Of the lines below, write out exactly those from the line with "import ezdxf" through the line with "msp = doc.modelspace()", both included, and skip the rest.

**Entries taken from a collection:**
++++

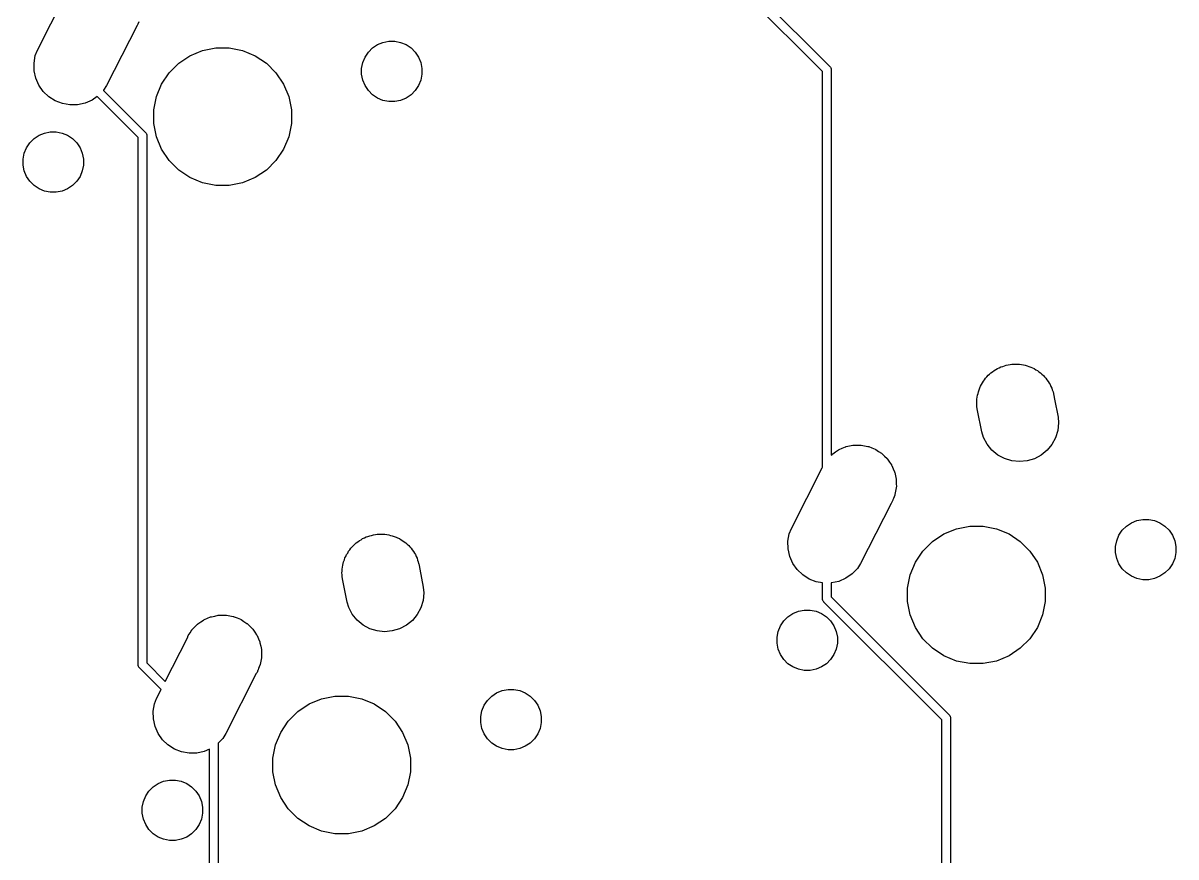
# Model space of a CAD drawing. Extents: x -26.1 to -7.5, y -7.6 to -2.2.
# Drawn here: x -13.926 to -12.61, y -5.741 to -4.789 of the extents above; entities that cross this region are included whole.
import ezdxf

# ---------------------------------------------------------------- set-up
doc = ezdxf.new("R2010")
doc.units = 0
doc.header["$MEASUREMENT"] = 0
doc.layers.add('BLACK', color=7, linetype='CONTINUOUS')

msp = doc.modelspace()

# ---------------------------------------------------------------- linework, layer by layer
at = {"layer": 'BLACK', "linetype": 'CONTINUOUS'}
for p, q in [((-13.0135, -4.84426), (-13.1478, -4.70989)), ((-13.1395, -4.70411), (-13.0051, -4.83848)), ((-13.9094, -4.81999), (-13.8742, -4.7507)), ((-13.7937, -4.78774), (-13.7947, -4.7902)), ((-13.7957, -4.79162), (-13.8304, -4.86007)), ((-13.7947, -4.7902), (-13.7957, -4.79162)), ((-13.5269, -4.81734), (-13.5213, -4.81357)), ((-13.5213, -4.81357), (-13.515, -4.81097)), ((-13.515, -4.81097), (-13.5083, -4.80965)), ((-13.5083, -4.80965), (-13.5015, -4.80965)), ((-13.5015, -4.80965), (-13.4949, -4.81097)), ((-13.4949, -4.81097), (-13.4886, -4.81357)), ((-13.4886, -4.81357), (-13.483, -4.81734)), ((-13.9133, -4.83467), (-13.9118, -4.82608)), ((-13.9118, -4.82608), (-13.9094, -4.81999)), ((-13.7482, -4.83488), (-13.7353, -4.82629)), ((-13.7353, -4.82629), (-13.721, -4.82037)), ((-13.721, -4.82037), (-13.7059, -4.81736)), ((-13.7059, -4.81736), (-13.6904, -4.81736)), ((-13.6904, -4.81736), (-13.6752, -4.82037)), ((-13.6752, -4.82037), (-13.6609, -4.82629)), ((-13.6609, -4.82629), (-13.6481, -4.83488)), ((-13.5381, -4.83405), (-13.5355, -4.82778)), ((-13.5355, -4.82778), (-13.5317, -4.82213)), ((-13.5317, -4.82213), (-13.5269, -4.81734)), ((-13.483, -4.81734), (-13.4782, -4.82213)), ((-13.4782, -4.82213), (-13.4744, -4.82778)), ((-13.4744, -4.82778), (-13.4718, -4.83405)), ((-13.9131, -4.8434), (-13.9133, -4.83467)), ((-13.7591, -4.84582), (-13.7482, -4.83488)), ((-13.6481, -4.83488), (-13.6372, -4.84582)), ((-13.5394, -4.8407), (-13.5381, -4.83405)), ((-13.5394, -4.84749), (-13.5394, -4.8407)), ((-13.4718, -4.83405), (-13.4705, -4.8407)), ((-13.4705, -4.8407), (-13.4705, -4.84749)), ((-13.0051, -4.83848), (-13.0049, -4.83863)), ((-13.0049, -4.83863), (-13.0043, -4.83939)), ((-13.0043, -4.83939), (-13.0038, -4.84026)), ((-13.0038, -4.84026), (-13.0035, -4.8412)), ((-13.0035, -4.8412), (-13.0035, -4.84194)), ((-13.0035, -4.84194), (-13.0034, -4.84218)), ((-13.9112, -4.85192), (-13.9131, -4.8434)), ((-13.9077, -4.8599), (-13.9112, -4.85192)), ((-13.7677, -4.85867), (-13.7591, -4.84582)), ((-13.6372, -4.84582), (-13.6286, -4.85867)), ((-13.5381, -4.85414), (-13.5394, -4.84749)), ((-13.5355, -4.86041), (-13.5381, -4.85414)), ((-13.4718, -4.85414), (-13.4744, -4.86041)), ((-13.4705, -4.84749), (-13.4718, -4.85414)), ((-13.0135, -5.29579), (-13.0135, -4.84426)), ((-13.0034, -4.84218), (-13.0035, -4.84243)), ((-13.0035, -4.84243), (-13.0035, -5.28233)), ((-13.9027, -4.86705), (-13.9077, -4.8599)), ((-13.8964, -4.87309), (-13.9027, -4.86705)), ((-13.8339, -4.86558), (-13.8341, -4.8658)), ((-13.8341, -4.8658), (-13.7861, -4.91378)), ((-13.8304, -4.86007), (-13.8339, -4.86558)), ((-13.7736, -4.87296), (-13.7677, -4.85867)), ((-13.6286, -4.85867), (-13.6226, -4.87296)), ((-13.5317, -4.86605), (-13.5355, -4.86041)), ((-13.5269, -4.87085), (-13.5317, -4.86605)), ((-13.4782, -4.86605), (-13.483, -4.87085)), ((-13.4744, -4.86041), (-13.4782, -4.86605)), ((-13.889, -4.87778), (-13.8964, -4.87309)), ((-13.8809, -4.88094), (-13.889, -4.87778)), ((-13.8723, -4.88246), (-13.8809, -4.88094)), ((-13.8551, -4.88039), (-13.8636, -4.88228)), ((-13.8471, -4.87688), (-13.8551, -4.88039)), ((-13.8413, -4.8728), (-13.8471, -4.87688)), ((-13.7945, -4.91956), (-13.8413, -4.8728)), ((-13.7766, -4.88813), (-13.7736, -4.87296)), ((-13.6226, -4.87296), (-13.6196, -4.88813)), ((-13.5213, -4.87462), (-13.5269, -4.87085)), ((-13.515, -4.87722), (-13.5213, -4.87462)), ((-13.5083, -4.87854), (-13.515, -4.87722)), ((-13.5015, -4.87854), (-13.5083, -4.87854)), ((-13.4949, -4.87722), (-13.5015, -4.87854)), ((-13.4886, -4.87462), (-13.4949, -4.87722)), ((-13.483, -4.87085), (-13.4886, -4.87462)), ((-13.8636, -4.88228), (-13.8723, -4.88246)), ((-13.7766, -4.90359), (-13.7766, -4.88813)), ((-13.6196, -4.88813), (-13.6196, -4.90359)), ((-13.7736, -4.91876), (-13.7766, -4.90359)), ((-13.6196, -4.90359), (-13.6226, -4.91876)), ((-13.9181, -4.92566), (-13.9133, -4.92086)), ((-13.9133, -4.92086), (-13.9076, -4.91709)), ((-13.9076, -4.91709), (-13.9014, -4.9145)), ((-13.9014, -4.9145), (-13.8947, -4.91317)), ((-13.8947, -4.91317), (-13.8879, -4.91317)), ((-13.8879, -4.91317), (-13.8813, -4.9145)), ((-13.8813, -4.9145), (-13.875, -4.91709)), ((-13.875, -4.91709), (-13.8694, -4.92086)), ((-13.8694, -4.92086), (-13.8646, -4.92566)), ((-13.7945, -5.52124), (-13.7945, -4.91956)), ((-13.7861, -4.91378), (-13.7859, -4.91393)), ((-13.7859, -4.91393), (-13.7854, -4.91463)), ((-13.7854, -4.91463), (-13.7853, -4.91469)), ((-13.7853, -4.91469), (-13.7849, -4.91556)), ((-13.7849, -4.91556), (-13.7846, -4.91651)), ((-13.7846, -4.91651), (-13.7845, -4.91749)), ((-13.7845, -4.91749), (-13.7845, -4.91773)), ((-13.7845, -4.91773), (-13.7845, -5.51941)), ((-13.7677, -4.93304), (-13.7736, -4.91876)), ((-13.6226, -4.91876), (-13.6286, -4.93304)), ((-13.9244, -4.93757), (-13.9218, -4.9313)), ((-13.9218, -4.9313), (-13.9181, -4.92566)), ((-13.8646, -4.92566), (-13.8608, -4.9313)), ((-13.8608, -4.9313), (-13.8582, -4.93757)), ((-13.7591, -4.9459), (-13.7677, -4.93304)), ((-13.6286, -4.93304), (-13.6372, -4.9459)), ((-13.9258, -4.94423), (-13.9244, -4.93757)), ((-13.9258, -4.95101), (-13.9258, -4.94423)), ((-13.8582, -4.93757), (-13.8569, -4.94423)), ((-13.8569, -4.94423), (-13.8569, -4.95101)), ((-13.7482, -4.95683), (-13.7591, -4.9459)), ((-13.6372, -4.9459), (-13.6481, -4.95683)), ((-13.9244, -4.95767), (-13.9258, -4.95101)), ((-13.9218, -4.96394), (-13.9244, -4.95767)), ((-13.8582, -4.95767), (-13.8608, -4.96394)), ((-13.8569, -4.95101), (-13.8582, -4.95767)), ((-13.7353, -4.96542), (-13.7482, -4.95683)), ((-13.6481, -4.95683), (-13.6609, -4.96542)), ((-13.9181, -4.96958), (-13.9218, -4.96394)), ((-13.9133, -4.97438), (-13.9181, -4.96958)), ((-13.8646, -4.96958), (-13.8694, -4.97438)), ((-13.8608, -4.96394), (-13.8646, -4.96958)), ((-13.721, -4.97134), (-13.7353, -4.96542)), ((-13.7059, -4.97436), (-13.721, -4.97134)), ((-13.6752, -4.97134), (-13.6904, -4.97436)), ((-13.6609, -4.96542), (-13.6752, -4.97134)), ((-13.9076, -4.97815), (-13.9133, -4.97438)), ((-13.9014, -4.98075), (-13.9076, -4.97815)), ((-13.8947, -4.98207), (-13.9014, -4.98075)), ((-13.8879, -4.98207), (-13.8947, -4.98207)), ((-13.8813, -4.98075), (-13.8879, -4.98207)), ((-13.875, -4.97815), (-13.8813, -4.98075)), ((-13.8694, -4.97438), (-13.875, -4.97815)), ((-13.6904, -4.97436), (-13.7059, -4.97436)), ((-12.8156, -5.1846), (-12.8138, -5.18343)), ((-12.8138, -5.18343), (-12.8117, -5.18256)), ((-12.8117, -5.18256), (-12.8097, -5.1815)), ((-12.8097, -5.1815), (-12.8077, -5.1809)), ((-12.8077, -5.1809), (-12.8058, -5.18009)), ((-12.8058, -5.18009), (-12.8036, -5.17965)), ((-12.8036, -5.17965), (-12.8014, -5.179)), ((-12.8014, -5.179), (-12.7993, -5.1788)), ((-12.7993, -5.1788), (-12.7972, -5.17839)), ((-12.7972, -5.17839), (-12.795, -5.17839)), ((-12.795, -5.17839), (-12.7927, -5.17817)), ((-12.7927, -5.17817), (-12.7906, -5.17839)), ((-12.7906, -5.17839), (-12.7885, -5.17839)), ((-12.7885, -5.17839), (-12.7863, -5.17883)), ((-12.7863, -5.17883), (-12.784, -5.17906)), ((-12.784, -5.17906), (-12.782, -5.17968)), ((-12.782, -5.17968), (-12.7799, -5.18009)), ((-12.7799, -5.18009), (-12.7778, -5.18095)), ((-12.7778, -5.18095), (-12.7757, -5.18162)), ((-12.7757, -5.18162), (-12.7738, -5.18262)), ((-12.7738, -5.18262), (-12.7719, -5.18343)), ((-12.7719, -5.18343), (-12.77, -5.18468)), ((-12.8298, -5.19782), (-12.8284, -5.1962)), ((-12.8284, -5.1962), (-12.8273, -5.19444)), ((-12.8273, -5.19444), (-12.8257, -5.19284)), ((-12.8257, -5.19284), (-12.8242, -5.1911)), ((-12.8242, -5.1911), (-12.8226, -5.18977)), ((-12.8226, -5.18977), (-12.8211, -5.18827)), ((-12.8211, -5.18827), (-12.8192, -5.18702)), ((-12.8192, -5.18702), (-12.8175, -5.18559)), ((-12.8175, -5.18559), (-12.8156, -5.1846)), ((-12.77, -5.18468), (-12.768, -5.18576)), ((-12.768, -5.18576), (-12.7664, -5.1871)), ((-12.7664, -5.1871), (-12.7646, -5.18827)), ((-12.7646, -5.18827), (-12.763, -5.18987)), ((-12.763, -5.18987), (-12.7613, -5.19131)), ((-12.7613, -5.19131), (-12.7599, -5.19295)), ((-12.7599, -5.19295), (-12.7584, -5.19444)), ((-12.7584, -5.19444), (-12.7572, -5.19632)), ((-12.7572, -5.19632), (-12.7558, -5.19808)), ((-12.8359, -5.21183), (-12.8354, -5.20976)), ((-12.8354, -5.20976), (-12.8346, -5.20767)), ((-12.8346, -5.20767), (-12.8339, -5.20551)), ((-12.8339, -5.20551), (-12.8329, -5.20365)), ((-12.8329, -5.20365), (-12.8321, -5.2017)), ((-12.8321, -5.2017), (-12.8308, -5.19982)), ((-12.8308, -5.19982), (-12.8298, -5.19782)), ((-12.7558, -5.19808), (-12.7548, -5.19994)), ((-12.7548, -5.19994), (-12.7536, -5.2017)), ((-12.7536, -5.2017), (-12.7527, -5.20379)), ((-12.7527, -5.20379), (-12.7517, -5.20579)), ((-12.7517, -5.20579), (-12.7511, -5.20781)), ((-12.7511, -5.20781), (-12.7503, -5.20976)), ((-12.7503, -5.20976), (-12.7498, -5.21198)), ((-12.8374, -5.22253), (-12.8371, -5.22043)), ((-12.8371, -5.22478), (-12.8374, -5.22253)), ((-12.8371, -5.21831), (-12.8367, -5.2161)), ((-12.8371, -5.22043), (-12.8371, -5.21831)), ((-12.8367, -5.2161), (-12.8365, -5.21385)), ((-12.8365, -5.21385), (-12.8359, -5.21183)), ((-12.7498, -5.21198), (-12.7498, -5.21205)), ((-12.7498, -5.21205), (-12.7494, -5.2141)), ((-12.7494, -5.2141), (-12.7486, -5.21831)), ((-12.7486, -5.21831), (-12.7486, -5.21839)), ((-12.7486, -5.21839), (-12.7446, -5.23878)), ((-12.8371, -5.22704), (-12.8371, -5.22478)), ((-12.8363, -5.23125), (-12.8371, -5.22704)), ((-12.8315, -5.25577), (-12.8363, -5.23125)), ((-12.744, -5.24529), (-12.7448, -5.25397)), ((-12.7446, -5.23878), (-12.744, -5.24529)), ((-12.8296, -5.26203), (-12.8315, -5.25577)), ((-12.8256, -5.26974), (-12.8296, -5.26203)), ((-12.7474, -5.26231), (-12.7515, -5.26999)), ((-12.7448, -5.25397), (-12.7474, -5.26231)), ((-12.9985, -5.27854), (-12.9953, -5.27631)), ((-12.9953, -5.27631), (-12.9949, -5.27612)), ((-12.9949, -5.27612), (-12.9945, -5.27585)), ((-12.9945, -5.27585), (-12.9909, -5.27436)), ((-12.9909, -5.27436), (-12.9873, -5.2728)), ((-12.9873, -5.2728), (-12.9869, -5.2727)), ((-12.9869, -5.2727), (-12.9864, -5.27251)), ((-12.9864, -5.27251), (-12.9826, -5.27176)), ((-12.9826, -5.27176), (-12.9788, -5.27092)), ((-12.9788, -5.27092), (-12.9783, -5.27091)), ((-12.9783, -5.27091), (-12.9779, -5.27081)), ((-12.9779, -5.27081), (-12.974, -5.27081)), ((-12.974, -5.27081), (-12.9701, -5.27073)), ((-12.9701, -5.27073), (-12.9696, -5.27081)), ((-12.9696, -5.27081), (-12.9691, -5.27081)), ((-12.9691, -5.27081), (-12.9653, -5.27157)), ((-12.9653, -5.27157), (-12.9615, -5.27225)), ((-12.9615, -5.27225), (-12.9611, -5.27242)), ((-12.9611, -5.27242), (-12.9606, -5.27251)), ((-12.9606, -5.27251), (-12.957, -5.274)), ((-12.957, -5.274), (-12.9534, -5.27541)), ((-12.9534, -5.27541), (-12.953, -5.27567)), ((-12.953, -5.27567), (-12.9525, -5.27585)), ((-12.9525, -5.27585), (-12.9493, -5.27802)), ((-12.82, -5.2765), (-12.8256, -5.26974)), ((-12.7515, -5.26999), (-12.7571, -5.27672)), ((-13.0035, -5.28233), (-13.0025, -5.28131)), ((-13.0025, -5.28131), (-13.0021, -5.28104)), ((-13.0021, -5.28104), (-13.0017, -5.2807)), ((-13.0017, -5.2807), (-12.9985, -5.27854)), ((-12.9493, -5.27802), (-12.946, -5.28011)), ((-12.946, -5.28011), (-12.9457, -5.28044)), ((-12.9457, -5.28044), (-12.9453, -5.2807)), ((-12.9453, -5.2807), (-12.9425, -5.28345)), ((-12.9425, -5.28345), (-12.9397, -5.28614)), ((-12.9397, -5.28614), (-12.9394, -5.28653)), ((-12.9394, -5.28653), (-12.9391, -5.28687)), ((-12.9391, -5.28687), (-12.9369, -5.2901)), ((-12.8133, -5.28206), (-12.82, -5.2765)), ((-12.8056, -5.2862), (-12.8133, -5.28206)), ((-12.7973, -5.28876), (-12.8056, -5.2862)), ((-12.7886, -5.28965), (-12.7973, -5.28876)), ((-12.7799, -5.28882), (-12.7886, -5.28965)), ((-12.7716, -5.28632), (-12.7799, -5.28882)), ((-12.7639, -5.28223), (-12.7716, -5.28632)), ((-12.7571, -5.27672), (-12.7639, -5.28223)), ((-13.0489, -5.36588), (-13.0138, -5.29658)), ((-13.0138, -5.29658), (-13.0135, -5.29579)), ((-12.9369, -5.2901), (-12.9347, -5.29329)), ((-12.9347, -5.29329), (-12.9345, -5.29373)), ((-12.9345, -5.29373), (-12.9343, -5.29412)), ((-12.9343, -5.29412), (-12.9328, -5.29772)), ((-12.9328, -5.29772), (-12.9312, -5.30128)), ((-12.9312, -5.30128), (-12.9311, -5.30174)), ((-12.9311, -5.30174), (-12.9309, -5.30218)), ((-12.9309, -5.30218), (-12.9302, -5.306)), ((-12.9302, -5.306), (-12.9293, -5.3098)), ((-12.9293, -5.3098), (-12.9293, -5.31027)), ((-12.9293, -5.31027), (-12.9292, -5.31074)), ((-12.9292, -5.31074), (-12.9292, -5.31463)), ((-12.9292, -5.31463), (-12.9291, -5.31852)), ((-12.9309, -5.32802), (-12.9324, -5.33161)), ((-12.9308, -5.32756), (-12.9309, -5.32802)), ((-12.9307, -5.32711), (-12.9308, -5.32756)), ((-12.93, -5.32328), (-12.9307, -5.32711)), ((-12.9292, -5.31947), (-12.93, -5.32328)), ((-12.9291, -5.31852), (-12.9292, -5.31899)), ((-12.9292, -5.31899), (-12.9292, -5.31947)), ((-12.9352, -5.33751), (-12.9699, -5.40595)), ((-12.9343, -5.33608), (-12.9352, -5.33751)), ((-12.9332, -5.33363), (-12.9343, -5.33608)), ((-12.933, -5.3332), (-12.9332, -5.33363)), ((-12.9324, -5.33161), (-12.933, -5.3332)), ((-13.0513, -5.37197), (-13.0489, -5.36588)), ((-12.8749, -5.37218), (-12.8606, -5.36626)), ((-12.8606, -5.36626), (-12.8454, -5.36324)), ((-12.8454, -5.36324), (-12.83, -5.36324)), ((-12.83, -5.36324), (-12.8148, -5.36626)), ((-12.8148, -5.36626), (-12.8005, -5.37218)), ((-12.675, -5.37366), (-12.6713, -5.36802)), ((-12.6713, -5.36802), (-12.6665, -5.36322)), ((-12.6665, -5.36322), (-12.6608, -5.35945)), ((-12.6608, -5.35945), (-12.6545, -5.35686)), ((-12.6545, -5.35686), (-12.6479, -5.35553)), ((-12.6479, -5.35553), (-12.6411, -5.35553)), ((-12.6411, -5.35553), (-12.6344, -5.35686)), ((-12.6344, -5.35686), (-12.6282, -5.35945)), ((-12.6282, -5.35945), (-12.6225, -5.36322)), ((-12.6225, -5.36322), (-12.6177, -5.36802)), ((-12.6177, -5.36802), (-12.614, -5.37366)), ((-13.5455, -5.38239), (-13.5437, -5.38113)), ((-13.5437, -5.38113), (-13.5419, -5.3797)), ((-13.5419, -5.3797), (-13.54, -5.37871)), ((-13.54, -5.37871), (-13.5383, -5.37754)), ((-13.5383, -5.37754), (-13.5362, -5.37667)), ((-13.5362, -5.37667), (-13.5342, -5.37562)), ((-13.5342, -5.37562), (-13.5322, -5.37501)), ((-13.5322, -5.37501), (-13.5302, -5.3742)), ((-13.5302, -5.3742), (-13.528, -5.37376)), ((-13.528, -5.37376), (-13.5258, -5.37311)), ((-13.5258, -5.37311), (-13.5237, -5.37291)), ((-13.5237, -5.37291), (-13.5217, -5.3725)), ((-13.5217, -5.3725), (-13.5194, -5.3725)), ((-13.5194, -5.3725), (-13.5171, -5.37229)), ((-13.5171, -5.37229), (-13.515, -5.3725)), ((-13.515, -5.3725), (-13.5129, -5.3725)), ((-13.5129, -5.3725), (-13.5107, -5.37294)), ((-13.5107, -5.37294), (-13.5085, -5.37317)), ((-13.5085, -5.37317), (-13.5064, -5.37379)), ((-13.5064, -5.37379), (-13.5044, -5.3742)), ((-13.5044, -5.3742), (-13.5023, -5.37507)), ((-13.5023, -5.37507), (-13.5001, -5.37573)), ((-13.5001, -5.37573), (-13.4983, -5.37673)), ((-13.4983, -5.37673), (-13.4963, -5.37754)), ((-13.4963, -5.37754), (-13.4944, -5.3788)), ((-13.4944, -5.3788), (-13.4924, -5.37987)), ((-13.4924, -5.37987), (-13.4908, -5.38122)), ((-13.4908, -5.38122), (-13.4891, -5.38239)), ((-13.0528, -5.38056), (-13.0513, -5.37197)), ((-13.0526, -5.38928), (-13.0528, -5.38056)), ((-12.8987, -5.3917), (-12.8877, -5.38077)), ((-12.8877, -5.38077), (-12.8749, -5.37218)), ((-12.8005, -5.37218), (-12.7876, -5.38077)), ((-12.7876, -5.38077), (-12.7767, -5.3917)), ((-12.6789, -5.38659), (-12.6776, -5.37993)), ((-12.6776, -5.37993), (-12.675, -5.37366)), ((-12.614, -5.37366), (-12.6114, -5.37993)), ((-12.6114, -5.37993), (-12.61, -5.38659)), ((-13.5565, -5.39581), (-13.5553, -5.39393)), ((-13.5553, -5.39393), (-13.5542, -5.39194)), ((-13.5542, -5.39194), (-13.5529, -5.39031)), ((-13.5529, -5.39031), (-13.5517, -5.38856)), ((-13.5517, -5.38856), (-13.5501, -5.38696)), ((-13.5501, -5.38696), (-13.5487, -5.38521)), ((-13.5487, -5.38521), (-13.547, -5.38388)), ((-13.547, -5.38388), (-13.5455, -5.38239)), ((-13.4891, -5.38239), (-13.4875, -5.38399)), ((-13.4875, -5.38399), (-13.4857, -5.38543)), ((-13.4857, -5.38543), (-13.4844, -5.38706)), ((-13.4844, -5.38706), (-13.4829, -5.38856)), ((-13.4829, -5.38856), (-13.4816, -5.39044)), ((-13.4816, -5.39044), (-13.4802, -5.39219)), ((-13.4802, -5.39219), (-13.4792, -5.39406)), ((-13.4792, -5.39406), (-13.478, -5.39581)), ((-13.0508, -5.3978), (-13.0526, -5.38928)), ((-12.9072, -5.40456), (-12.8987, -5.3917)), ((-12.7767, -5.3917), (-12.7681, -5.40456)), ((-12.6789, -5.39337), (-12.6789, -5.38659)), ((-12.6776, -5.40003), (-12.6789, -5.39337)), ((-12.61, -5.39337), (-12.6114, -5.40003)), ((-12.61, -5.38659), (-12.61, -5.39337)), ((-13.5609, -5.40796), (-13.5603, -5.40594)), ((-13.5603, -5.40594), (-13.5599, -5.40387)), ((-13.5599, -5.40387), (-13.559, -5.40178)), ((-13.559, -5.40178), (-13.5584, -5.39962)), ((-13.5584, -5.39962), (-13.5574, -5.39776)), ((-13.5574, -5.39776), (-13.5565, -5.39581)), ((-13.478, -5.39581), (-13.4772, -5.3979)), ((-13.4772, -5.3979), (-13.4761, -5.3999)), ((-13.4761, -5.3999), (-13.4755, -5.40192)), ((-13.4755, -5.40192), (-13.4747, -5.40387)), ((-13.4747, -5.40387), (-13.4743, -5.40609)), ((-13.4743, -5.40609), (-13.4742, -5.40616)), ((-13.4742, -5.40616), (-13.4738, -5.40821)), ((-13.0472, -5.40579), (-13.0508, -5.3978)), ((-13.0422, -5.41294), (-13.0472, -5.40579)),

++++

**Worked solution:**
import ezdxf

# ---------------------------------------------------------------- set-up
doc = ezdxf.new("R2010")
doc.units = 0
doc.header["$MEASUREMENT"] = 0
doc.layers.add('BLACK', color=7, linetype='CONTINUOUS')

msp = doc.modelspace()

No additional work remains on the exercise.